What you should do ▸ The lines of the records that include "diagram" should all be copied.

● ● ● ● ●

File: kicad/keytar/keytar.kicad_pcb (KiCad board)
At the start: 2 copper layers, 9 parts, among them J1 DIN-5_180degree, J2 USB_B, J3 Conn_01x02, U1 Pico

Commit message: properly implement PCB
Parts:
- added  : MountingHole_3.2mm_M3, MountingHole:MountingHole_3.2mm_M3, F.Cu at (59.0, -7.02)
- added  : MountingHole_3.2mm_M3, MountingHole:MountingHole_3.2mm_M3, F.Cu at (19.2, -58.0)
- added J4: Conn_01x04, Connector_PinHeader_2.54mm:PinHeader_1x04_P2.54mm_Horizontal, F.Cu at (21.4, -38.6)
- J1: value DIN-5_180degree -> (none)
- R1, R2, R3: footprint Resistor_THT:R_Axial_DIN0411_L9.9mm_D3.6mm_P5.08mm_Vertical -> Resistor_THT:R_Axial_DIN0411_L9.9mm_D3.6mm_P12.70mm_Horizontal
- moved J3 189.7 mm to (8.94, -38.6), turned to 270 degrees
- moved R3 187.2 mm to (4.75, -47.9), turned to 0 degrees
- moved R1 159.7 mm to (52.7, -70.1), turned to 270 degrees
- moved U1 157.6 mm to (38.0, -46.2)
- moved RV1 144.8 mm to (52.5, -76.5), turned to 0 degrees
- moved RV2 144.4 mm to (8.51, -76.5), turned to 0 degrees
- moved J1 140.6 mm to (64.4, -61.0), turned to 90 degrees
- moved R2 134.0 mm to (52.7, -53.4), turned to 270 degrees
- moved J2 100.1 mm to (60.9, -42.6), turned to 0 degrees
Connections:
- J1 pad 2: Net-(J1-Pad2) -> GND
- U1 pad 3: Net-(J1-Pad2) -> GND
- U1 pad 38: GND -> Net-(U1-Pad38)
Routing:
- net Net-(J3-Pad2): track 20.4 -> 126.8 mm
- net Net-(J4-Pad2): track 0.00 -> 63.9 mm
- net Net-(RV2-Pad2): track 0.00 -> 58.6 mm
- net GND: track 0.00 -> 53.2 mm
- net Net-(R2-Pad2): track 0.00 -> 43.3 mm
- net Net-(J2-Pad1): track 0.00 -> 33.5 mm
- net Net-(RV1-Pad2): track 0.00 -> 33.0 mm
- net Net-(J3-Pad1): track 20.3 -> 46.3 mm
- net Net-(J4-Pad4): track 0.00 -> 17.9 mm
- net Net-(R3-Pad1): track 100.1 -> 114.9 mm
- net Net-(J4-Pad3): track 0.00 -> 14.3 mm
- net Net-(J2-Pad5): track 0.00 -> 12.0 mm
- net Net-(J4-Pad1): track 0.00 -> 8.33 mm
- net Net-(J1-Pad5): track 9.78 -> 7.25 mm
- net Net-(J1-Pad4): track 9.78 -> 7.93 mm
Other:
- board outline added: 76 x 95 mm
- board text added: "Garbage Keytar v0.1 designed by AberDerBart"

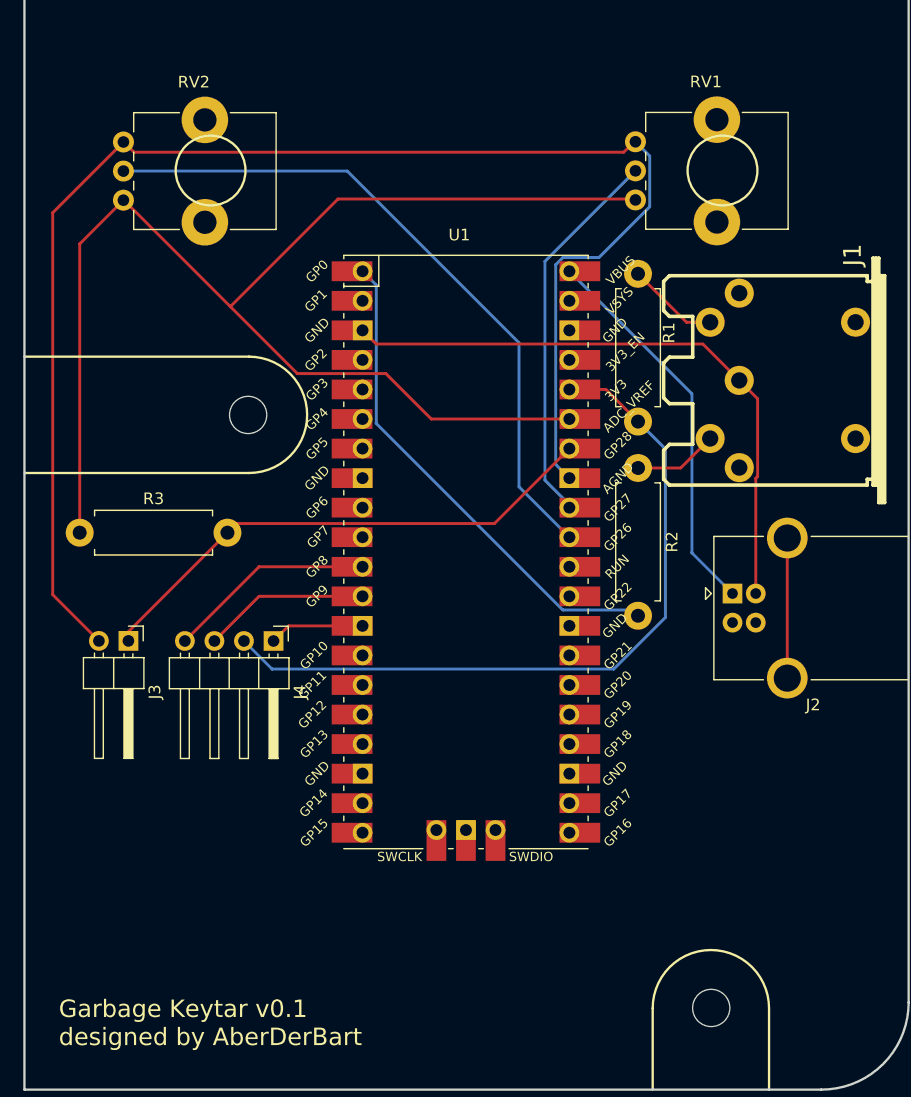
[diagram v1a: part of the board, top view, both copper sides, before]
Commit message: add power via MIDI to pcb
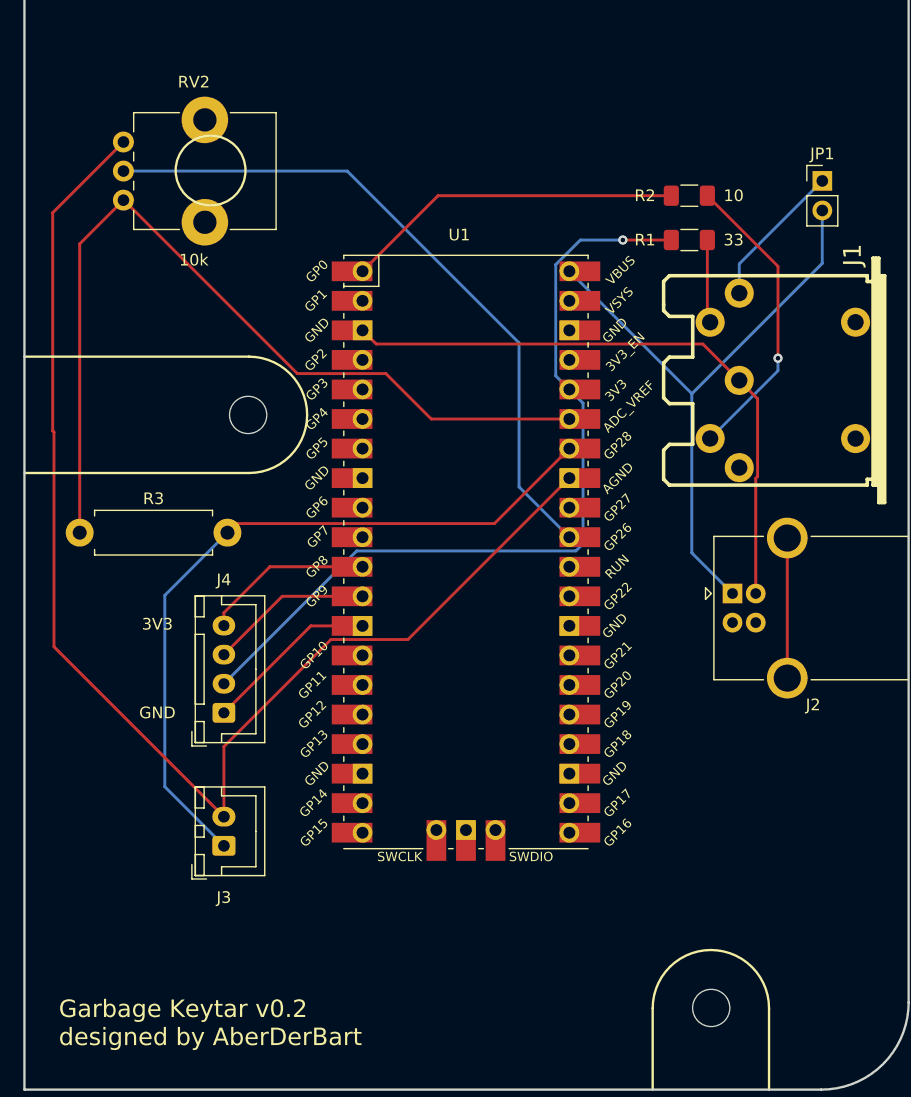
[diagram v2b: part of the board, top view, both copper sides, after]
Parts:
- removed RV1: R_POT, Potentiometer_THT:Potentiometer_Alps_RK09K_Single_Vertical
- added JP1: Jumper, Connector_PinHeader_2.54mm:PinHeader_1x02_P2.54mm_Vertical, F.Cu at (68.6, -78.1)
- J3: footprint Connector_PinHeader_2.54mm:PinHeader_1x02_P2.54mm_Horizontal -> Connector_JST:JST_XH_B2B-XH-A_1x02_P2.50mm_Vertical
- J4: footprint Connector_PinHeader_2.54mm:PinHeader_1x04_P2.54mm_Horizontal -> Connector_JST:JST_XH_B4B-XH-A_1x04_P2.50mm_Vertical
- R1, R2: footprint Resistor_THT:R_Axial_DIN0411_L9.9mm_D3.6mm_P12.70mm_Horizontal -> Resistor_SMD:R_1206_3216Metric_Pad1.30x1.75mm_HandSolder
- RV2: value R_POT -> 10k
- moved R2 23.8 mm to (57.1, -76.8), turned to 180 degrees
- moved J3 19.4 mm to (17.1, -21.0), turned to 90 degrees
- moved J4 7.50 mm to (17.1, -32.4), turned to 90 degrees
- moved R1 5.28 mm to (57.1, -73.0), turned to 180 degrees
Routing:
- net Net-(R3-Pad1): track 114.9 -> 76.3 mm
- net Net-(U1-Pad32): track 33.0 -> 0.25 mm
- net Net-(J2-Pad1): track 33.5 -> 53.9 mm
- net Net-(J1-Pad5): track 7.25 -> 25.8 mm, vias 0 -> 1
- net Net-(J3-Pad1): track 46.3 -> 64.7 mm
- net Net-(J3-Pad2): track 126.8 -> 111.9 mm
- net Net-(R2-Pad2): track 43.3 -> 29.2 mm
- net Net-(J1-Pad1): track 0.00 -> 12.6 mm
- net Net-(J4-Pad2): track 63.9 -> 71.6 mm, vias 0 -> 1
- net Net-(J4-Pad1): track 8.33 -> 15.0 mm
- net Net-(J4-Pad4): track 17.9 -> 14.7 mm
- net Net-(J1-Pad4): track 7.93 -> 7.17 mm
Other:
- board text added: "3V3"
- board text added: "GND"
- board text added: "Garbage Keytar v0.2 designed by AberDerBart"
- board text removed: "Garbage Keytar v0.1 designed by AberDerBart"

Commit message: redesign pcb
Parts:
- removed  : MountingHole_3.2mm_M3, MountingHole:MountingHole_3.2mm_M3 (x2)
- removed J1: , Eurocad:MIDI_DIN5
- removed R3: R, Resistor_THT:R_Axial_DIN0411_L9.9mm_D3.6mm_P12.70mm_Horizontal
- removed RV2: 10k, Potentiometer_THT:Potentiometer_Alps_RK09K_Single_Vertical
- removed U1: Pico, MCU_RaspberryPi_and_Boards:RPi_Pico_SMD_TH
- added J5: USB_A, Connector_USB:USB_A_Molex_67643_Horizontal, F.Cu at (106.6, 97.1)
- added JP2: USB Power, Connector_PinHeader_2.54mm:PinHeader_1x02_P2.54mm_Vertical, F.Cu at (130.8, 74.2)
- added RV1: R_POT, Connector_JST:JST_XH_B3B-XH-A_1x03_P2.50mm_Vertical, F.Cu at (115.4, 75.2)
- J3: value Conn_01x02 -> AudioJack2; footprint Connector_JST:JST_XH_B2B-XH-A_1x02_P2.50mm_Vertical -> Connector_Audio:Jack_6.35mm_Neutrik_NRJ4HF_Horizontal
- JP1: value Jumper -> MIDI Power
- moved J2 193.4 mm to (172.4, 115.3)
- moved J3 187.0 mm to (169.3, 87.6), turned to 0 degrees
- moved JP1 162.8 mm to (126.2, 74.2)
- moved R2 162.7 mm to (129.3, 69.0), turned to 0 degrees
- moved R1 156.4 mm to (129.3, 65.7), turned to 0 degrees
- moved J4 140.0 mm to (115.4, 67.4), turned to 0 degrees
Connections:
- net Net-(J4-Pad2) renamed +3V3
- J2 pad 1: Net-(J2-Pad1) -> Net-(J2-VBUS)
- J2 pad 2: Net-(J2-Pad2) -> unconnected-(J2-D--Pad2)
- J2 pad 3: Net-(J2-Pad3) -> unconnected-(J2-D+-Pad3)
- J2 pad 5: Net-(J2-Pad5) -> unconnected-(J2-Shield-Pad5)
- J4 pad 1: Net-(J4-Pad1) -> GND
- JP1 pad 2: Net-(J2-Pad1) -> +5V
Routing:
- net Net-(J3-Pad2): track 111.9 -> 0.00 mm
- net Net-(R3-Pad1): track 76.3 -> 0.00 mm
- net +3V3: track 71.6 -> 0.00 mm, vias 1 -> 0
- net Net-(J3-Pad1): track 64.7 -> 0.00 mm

● ● ● ● ●

Result of this task ▸
[diagram v1a: part of the board, top view, both copper sides, before]
[diagram v2b: part of the board, top view, both copper sides, after]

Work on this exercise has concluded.